--- Dataset records Enclosed Below ---

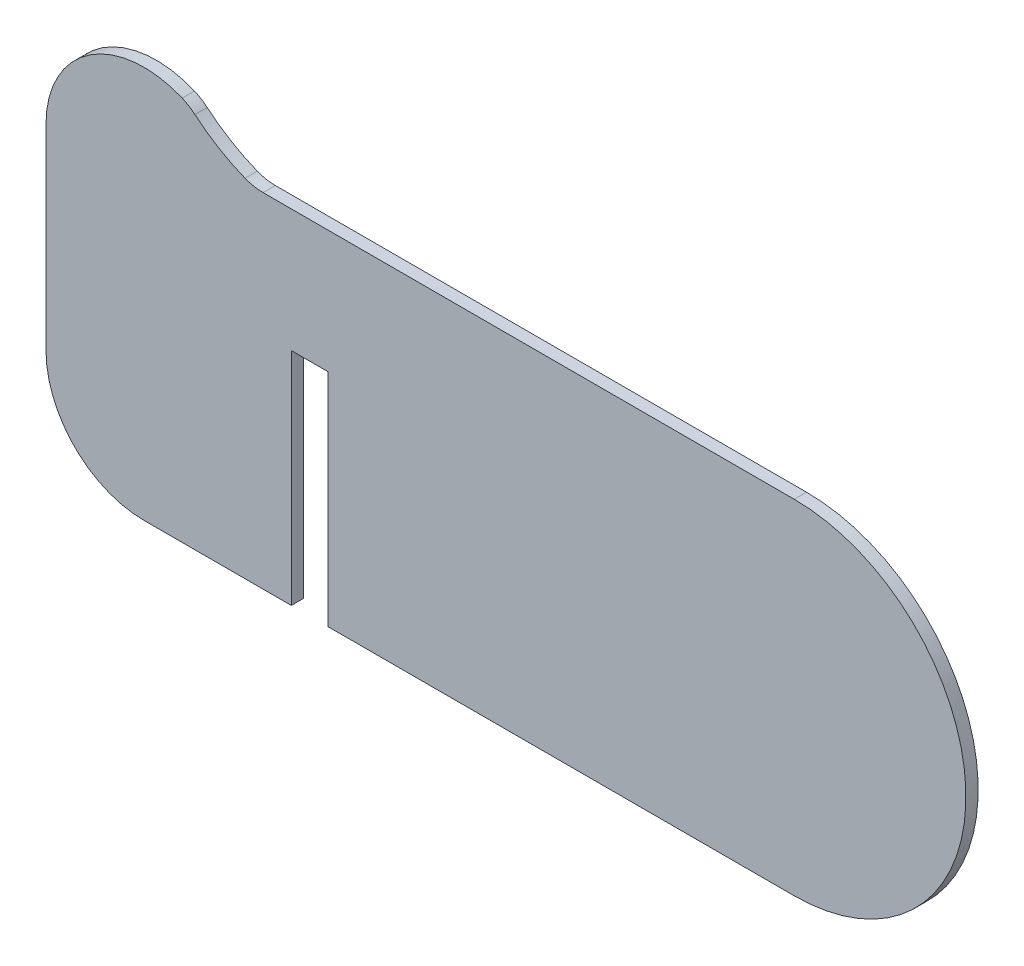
ISO-10303-21;
HEADER;
FILE_DESCRIPTION(('STEP AP214'),'2;1');
FILE_NAME('part.step','',(''),(''),'','','');
FILE_SCHEMA(('AUTOMOTIVE_DESIGN { 1 0 10303 214 1 1 1 1 }'));
ENDSEC;
DATA;
#1=APPLICATION_CONTEXT('core data for automotive mechanical design processes');
#2=APPLICATION_PROTOCOL_DEFINITION('international standard','automotive_design',2000,#1);
#3=PRODUCT_CONTEXT('',#1,'mechanical');
#4=PRODUCT('Part','Part','',(#3));
#5=PRODUCT_RELATED_PRODUCT_CATEGORY('part','',(#4));
#6=PRODUCT_DEFINITION_FORMATION('','',#4);
#7=PRODUCT_DEFINITION_CONTEXT('part definition',#1,'design');
#8=PRODUCT_DEFINITION('design','',#6,#7);
#9=PRODUCT_DEFINITION_SHAPE('','',#8);
#10=(LENGTH_UNIT() NAMED_UNIT(*) SI_UNIT(.MILLI.,.METRE.));
#11=(NAMED_UNIT(*) PLANE_ANGLE_UNIT() SI_UNIT($,.RADIAN.));
#12=(NAMED_UNIT(*) SI_UNIT($,.STERADIAN.) SOLID_ANGLE_UNIT());
#13=UNCERTAINTY_MEASURE_WITH_UNIT(LENGTH_MEASURE(1.E-05),#10,'distance_accuracy_value','');
#14=(GEOMETRIC_REPRESENTATION_CONTEXT(3) GLOBAL_UNCERTAINTY_ASSIGNED_CONTEXT((#13)) GLOBAL_UNIT_ASSIGNED_CONTEXT((#10,
#11,#12)) REPRESENTATION_CONTEXT('',''));
#15=CARTESIAN_POINT('',(0.,0.,0.));
#16=DIRECTION('',(0.,0.,1.));
#17=DIRECTION('',(1.,0.,0.));
#18=AXIS2_PLACEMENT_3D('',#15,#16,#17);
#19=CARTESIAN_POINT('',(-26.5,-2.,0.));
#20=DIRECTION('',(0.,0.,1.));
#21=DIRECTION('',(1.,0.,0.));
#22=AXIS2_PLACEMENT_3D('',#19,#20,#21);
#23=PLANE('',#22);
#24=DIRECTION('',(0.,1.,0.));
#25=VECTOR('',#24,1.);
#26=CARTESIAN_POINT('',(-19.,-5.,0.));
#27=LINE('',#26,#25);
#28=CARTESIAN_POINT('',(-19.,-14.,0.));
#29=VERTEX_POINT('',#28);
#30=CARTESIAN_POINT('',(-19.,-5.,0.));
#31=VERTEX_POINT('',#30);
#32=EDGE_CURVE('E156',#29,#31,#27,.T.);
#33=ORIENTED_EDGE('',*,*,#32,.T.);
#34=DIRECTION('',(1.,0.,0.));
#35=VECTOR('',#34,1.);
#36=CARTESIAN_POINT('',(-26.5,-5.,0.));
#37=LINE('',#36,#35);
#38=CARTESIAN_POINT('',(-20.5,-5.,0.));
#39=VERTEX_POINT('',#38);
#40=EDGE_CURVE('E158',#39,#31,#37,.T.);
#41=ORIENTED_EDGE('',*,*,#40,.F.);
#42=DIRECTION('',(0.,1.,0.));
#43=VECTOR('',#42,1.);
#44=CARTESIAN_POINT('',(-20.5,-5.,0.));
#45=LINE('',#44,#43);
#46=CARTESIAN_POINT('',(-20.5,-14.,0.));
#47=VERTEX_POINT('',#46);
#48=EDGE_CURVE('E164',#39,#47,#45,.F.);
#49=ORIENTED_EDGE('',*,*,#48,.T.);
#50=DIRECTION('',(-1.,0.,0.));
#51=VECTOR('',#50,1.);
#52=CARTESIAN_POINT('',(-26.5,-14.,0.));
#53=LINE('',#52,#51);
#54=CARTESIAN_POINT('',(-26.5,-14.,0.));
#55=VERTEX_POINT('',#54);
#56=EDGE_CURVE('E161',#47,#55,#53,.T.);
#57=ORIENTED_EDGE('',*,*,#56,.T.);
#58=CARTESIAN_POINT('',(-26.5,-10.,0.));
#59=DIRECTION('',(0.,0.,-1.));
#60=DIRECTION('',(-1.,0.,0.));
#61=AXIS2_PLACEMENT_3D('',#58,#59,#60);
#62=CIRCLE('',#61,4.);
#63=CARTESIAN_POINT('',(-30.5,-10.,0.));
#64=VERTEX_POINT('',#63);
#65=EDGE_CURVE('E179',#64,#55,#62,.F.);
#66=ORIENTED_EDGE('',*,*,#65,.F.);
#67=DIRECTION('',(0.,1.,0.));
#68=VECTOR('',#67,1.);
#69=CARTESIAN_POINT('',(-30.5,-2.,0.));
#70=LINE('',#69,#68);
#71=CARTESIAN_POINT('',(-30.5,-2.,0.));
#72=VERTEX_POINT('',#71);
#73=EDGE_CURVE('E177',#64,#72,#70,.T.);
#74=ORIENTED_EDGE('',*,*,#73,.T.);
#75=CARTESIAN_POINT('',(-26.5,-2.,0.));
#76=DIRECTION('',(0.,0.,-1.));
#77=DIRECTION('',(-1.,0.,0.));
#78=AXIS2_PLACEMENT_3D('',#75,#76,#77);
#79=CIRCLE('',#78,4.);
#80=CARTESIAN_POINT('',(-24.9499170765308,1.68744395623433,0.));
#81=VERTEX_POINT('',#80);
#82=EDGE_CURVE('E206',#81,#72,#79,.F.);
#83=ORIENTED_EDGE('',*,*,#82,.F.);
#84=CARTESIAN_POINT('',(-25.7249585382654,-0.156278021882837,0.));
#85=DIRECTION('',(0.,0.,-1.));
#86=DIRECTION('',(-1.,0.,0.));
#87=AXIS2_PLACEMENT_3D('',#84,#85,#86);
#88=CIRCLE('',#87,2.);
#89=CARTESIAN_POINT('',(-24.4292685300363,1.36726633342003,0.));
#90=VERTEX_POINT('',#89);
#91=EDGE_CURVE('E210',#90,#81,#88,.F.);
#92=ORIENTED_EDGE('',*,*,#91,.F.);
#93=CARTESIAN_POINT('',(-19.7,6.92820323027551,0.));
#94=DIRECTION('',(0.,0.,-1.));
#95=DIRECTION('',(-1.,0.,0.));
#96=AXIS2_PLACEMENT_3D('',#93,#94,#95);
#97=CIRCLE('',#96,7.3);
#98=CARTESIAN_POINT('',(-22.385959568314,0.140300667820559,0.));
#99=VERTEX_POINT('',#98);
#100=EDGE_CURVE('E213',#90,#99,#97,.F.);
#101=ORIENTED_EDGE('',*,*,#100,.T.);
#102=CARTESIAN_POINT('',(-21.6500802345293,2.,0.));
#103=DIRECTION('',(0.,0.,-1.));
#104=DIRECTION('',(-1.,0.,0.));
#105=AXIS2_PLACEMENT_3D('',#102,#103,#104);
#106=CIRCLE('',#105,2.);
#107=CARTESIAN_POINT('',(-21.6500802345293,0.,0.));
#108=VERTEX_POINT('',#107);
#109=EDGE_CURVE('E124',#99,#108,#106,.F.);
#110=ORIENTED_EDGE('',*,*,#109,.T.);
#111=DIRECTION('',(1.,0.,0.));
#112=VECTOR('',#111,1.);
#113=CARTESIAN_POINT('',(0.,0.,0.));
#114=LINE('',#113,#112);
#115=CARTESIAN_POINT('',(0.,0.,0.));
#116=VERTEX_POINT('',#115);
#117=EDGE_CURVE('E121',#108,#116,#114,.T.);
#118=ORIENTED_EDGE('',*,*,#117,.T.);
#119=CARTESIAN_POINT('',(0.,-7.,0.));
#120=DIRECTION('',(0.,0.,-1.));
#121=DIRECTION('',(-1.,0.,0.));
#122=AXIS2_PLACEMENT_3D('',#119,#120,#121);
#123=CIRCLE('',#122,7.);
#124=CARTESIAN_POINT('',(0.,-14.,0.));
#125=VERTEX_POINT('',#124);
#126=EDGE_CURVE('E20',#125,#116,#123,.F.);
#127=ORIENTED_EDGE('',*,*,#126,.F.);
#128=DIRECTION('',(-1.,0.,0.));
#129=VECTOR('',#128,1.);
#130=CARTESIAN_POINT('',(-26.5,-14.,0.));
#131=LINE('',#130,#129);
#132=EDGE_CURVE('E139',#125,#29,#131,.T.);
#133=ORIENTED_EDGE('',*,*,#132,.T.);
#134=EDGE_LOOP('',(#33,#41,#49,#57,#66,#74,#83,#92,#101,#110,#118,#127,#133));
#135=FACE_BOUND('',#134,.T.);
#136=ADVANCED_FACE('F17',(#135),#23,.F.);
#137=CARTESIAN_POINT('',(-19.,-5.,0.));
#138=DIRECTION('',(1.,0.,0.));
#139=DIRECTION('',(0.,0.,-1.));
#140=AXIS2_PLACEMENT_3D('',#137,#138,#139);
#141=PLANE('',#140);
#142=DIRECTION('',(0.,0.,1.));
#143=VECTOR('',#142,1.);
#144=CARTESIAN_POINT('',(-19.,-5.,0.));
#145=LINE('',#144,#143);
#146=CARTESIAN_POINT('',(-19.,-5.,0.5));
#147=VERTEX_POINT('',#146);
#148=EDGE_CURVE('E148',#147,#31,#145,.F.);
#149=ORIENTED_EDGE('',*,*,#148,.T.);
#150=ORIENTED_EDGE('',*,*,#32,.F.);
#151=DIRECTION('',(0.,0.,1.));
#152=VECTOR('',#151,1.);
#153=CARTESIAN_POINT('',(-19.,-14.,0.5));
#154=LINE('',#153,#152);
#155=CARTESIAN_POINT('',(-19.,-14.,0.5));
#156=VERTEX_POINT('',#155);
#157=EDGE_CURVE('E119',#29,#156,#154,.T.);
#158=ORIENTED_EDGE('',*,*,#157,.T.);
#159=DIRECTION('',(0.,1.,0.));
#160=VECTOR('',#159,1.);
#161=CARTESIAN_POINT('',(-19.,-2.,0.5));
#162=LINE('',#161,#160);
#163=EDGE_CURVE('E142',#147,#156,#162,.F.);
#164=ORIENTED_EDGE('',*,*,#163,.F.);
#165=EDGE_LOOP('',(#149,#150,#158,#164));
#166=FACE_BOUND('',#165,.T.);
#167=ADVANCED_FACE('F277',(#166),#141,.F.);
#168=CARTESIAN_POINT('',(-26.5,-14.,0.5));
#169=DIRECTION('',(0.,1.,0.));
#170=DIRECTION('',(-1.,0.,0.));
#171=AXIS2_PLACEMENT_3D('',#168,#169,#170);
#172=PLANE('',#171);
#173=ORIENTED_EDGE('',*,*,#157,.F.);
#174=ORIENTED_EDGE('',*,*,#132,.F.);
#175=DIRECTION('',(0.,0.,-1.));
#176=VECTOR('',#175,1.);
#177=CARTESIAN_POINT('',(0.,-14.,0.5));
#178=LINE('',#177,#176);
#179=CARTESIAN_POINT('',(0.,-14.,0.5));
#180=VERTEX_POINT('',#179);
#181=EDGE_CURVE('E118',#180,#125,#178,.T.);
#182=ORIENTED_EDGE('',*,*,#181,.F.);
#183=DIRECTION('',(1.,0.,0.));
#184=VECTOR('',#183,1.);
#185=CARTESIAN_POINT('',(-26.5,-14.,0.5));
#186=LINE('',#185,#184);
#187=EDGE_CURVE('E145',#156,#180,#186,.T.);
#188=ORIENTED_EDGE('',*,*,#187,.F.);
#189=EDGE_LOOP('',(#173,#174,#182,#188));
#190=FACE_BOUND('',#189,.T.);
#191=ADVANCED_FACE('F281',(#190),#172,.F.);
#192=CARTESIAN_POINT('',(0.,-7.,0.5));
#193=DIRECTION('',(0.,0.,-1.));
#194=DIRECTION('',(-1.,0.,0.));
#195=AXIS2_PLACEMENT_3D('',#192,#193,#194);
#196=CYLINDRICAL_SURFACE('',#195,7.);
#197=CARTESIAN_POINT('',(0.,-7.,0.5));
#198=DIRECTION('',(0.,0.,-1.));
#199=DIRECTION('',(-1.,0.,0.));
#200=AXIS2_PLACEMENT_3D('',#197,#198,#199);
#201=CIRCLE('',#200,7.);
#202=CARTESIAN_POINT('',(0.,0.,0.5));
#203=VERTEX_POINT('',#202);
#204=EDGE_CURVE('E202',#180,#203,#201,.F.);
#205=ORIENTED_EDGE('',*,*,#204,.F.);
#206=ORIENTED_EDGE('',*,*,#181,.T.);
#207=ORIENTED_EDGE('',*,*,#126,.T.);
#208=DIRECTION('',(0.,0.,1.));
#209=VECTOR('',#208,1.);
#210=CARTESIAN_POINT('',(0.,0.,0.5));
#211=LINE('',#210,#209);
#212=EDGE_CURVE('E116',#116,#203,#211,.T.);
#213=ORIENTED_EDGE('',*,*,#212,.T.);
#214=EDGE_LOOP('',(#205,#206,#207,#213));
#215=FACE_BOUND('',#214,.T.);
#216=ADVANCED_FACE('F114',(#215),#196,.T.);
#217=CARTESIAN_POINT('',(0.,0.,0.5));
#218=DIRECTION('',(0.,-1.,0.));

--- End of Enclosed Dataset records ---

* Required work *
Begin at the first line of the data above and repeat each line exactly, stopping after the line containing "#48=EDGE_CURVE('E164',#39,#47,#45,.F.);". Omit the pictures.

* Task result *
ISO-10303-21;
HEADER;
FILE_DESCRIPTION(('STEP AP214'),'2;1');
FILE_NAME('part.step','',(''),(''),'','','');
FILE_SCHEMA(('AUTOMOTIVE_DESIGN { 1 0 10303 214 1 1 1 1 }'));
ENDSEC;
DATA;
#1=APPLICATION_CONTEXT('core data for automotive mechanical design processes');
#2=APPLICATION_PROTOCOL_DEFINITION('international standard','automotive_design',2000,#1);
#3=PRODUCT_CONTEXT('',#1,'mechanical');
#4=PRODUCT('Part','Part','',(#3));
#5=PRODUCT_RELATED_PRODUCT_CATEGORY('part','',(#4));
#6=PRODUCT_DEFINITION_FORMATION('','',#4);
#7=PRODUCT_DEFINITION_CONTEXT('part definition',#1,'design');
#8=PRODUCT_DEFINITION('design','',#6,#7);
#9=PRODUCT_DEFINITION_SHAPE('','',#8);
#10=(LENGTH_UNIT() NAMED_UNIT(*) SI_UNIT(.MILLI.,.METRE.));
#11=(NAMED_UNIT(*) PLANE_ANGLE_UNIT() SI_UNIT($,.RADIAN.));
#12=(NAMED_UNIT(*) SI_UNIT($,.STERADIAN.) SOLID_ANGLE_UNIT());
#13=UNCERTAINTY_MEASURE_WITH_UNIT(LENGTH_MEASURE(1.E-05),#10,'distance_accuracy_value','');
#14=(GEOMETRIC_REPRESENTATION_CONTEXT(3) GLOBAL_UNCERTAINTY_ASSIGNED_CONTEXT((#13)) GLOBAL_UNIT_ASSIGNED_CONTEXT((#10,
#11,#12)) REPRESENTATION_CONTEXT('',''));
#15=CARTESIAN_POINT('',(0.,0.,0.));
#16=DIRECTION('',(0.,0.,1.));
#17=DIRECTION('',(1.,0.,0.));
#18=AXIS2_PLACEMENT_3D('',#15,#16,#17);
#19=CARTESIAN_POINT('',(-26.5,-2.,0.));
#20=DIRECTION('',(0.,0.,1.));
#21=DIRECTION('',(1.,0.,0.));
#22=AXIS2_PLACEMENT_3D('',#19,#20,#21);
#23=PLANE('',#22);
#24=DIRECTION('',(0.,1.,0.));
#25=VECTOR('',#24,1.);
#26=CARTESIAN_POINT('',(-19.,-5.,0.));
#27=LINE('',#26,#25);
#28=CARTESIAN_POINT('',(-19.,-14.,0.));
#29=VERTEX_POINT('',#28);
#30=CARTESIAN_POINT('',(-19.,-5.,0.));
#31=VERTEX_POINT('',#30);
#32=EDGE_CURVE('E156',#29,#31,#27,.T.);
#33=ORIENTED_EDGE('',*,*,#32,.T.);
#34=DIRECTION('',(1.,0.,0.));
#35=VECTOR('',#34,1.);
#36=CARTESIAN_POINT('',(-26.5,-5.,0.));
#37=LINE('',#36,#35);
#38=CARTESIAN_POINT('',(-20.5,-5.,0.));
#39=VERTEX_POINT('',#38);
#40=EDGE_CURVE('E158',#39,#31,#37,.T.);
#41=ORIENTED_EDGE('',*,*,#40,.F.);
#42=DIRECTION('',(0.,1.,0.));
#43=VECTOR('',#42,1.);
#44=CARTESIAN_POINT('',(-20.5,-5.,0.));
#45=LINE('',#44,#43);
#46=CARTESIAN_POINT('',(-20.5,-14.,0.));
#47=VERTEX_POINT('',#46);
#48=EDGE_CURVE('E164',#39,#47,#45,.F.);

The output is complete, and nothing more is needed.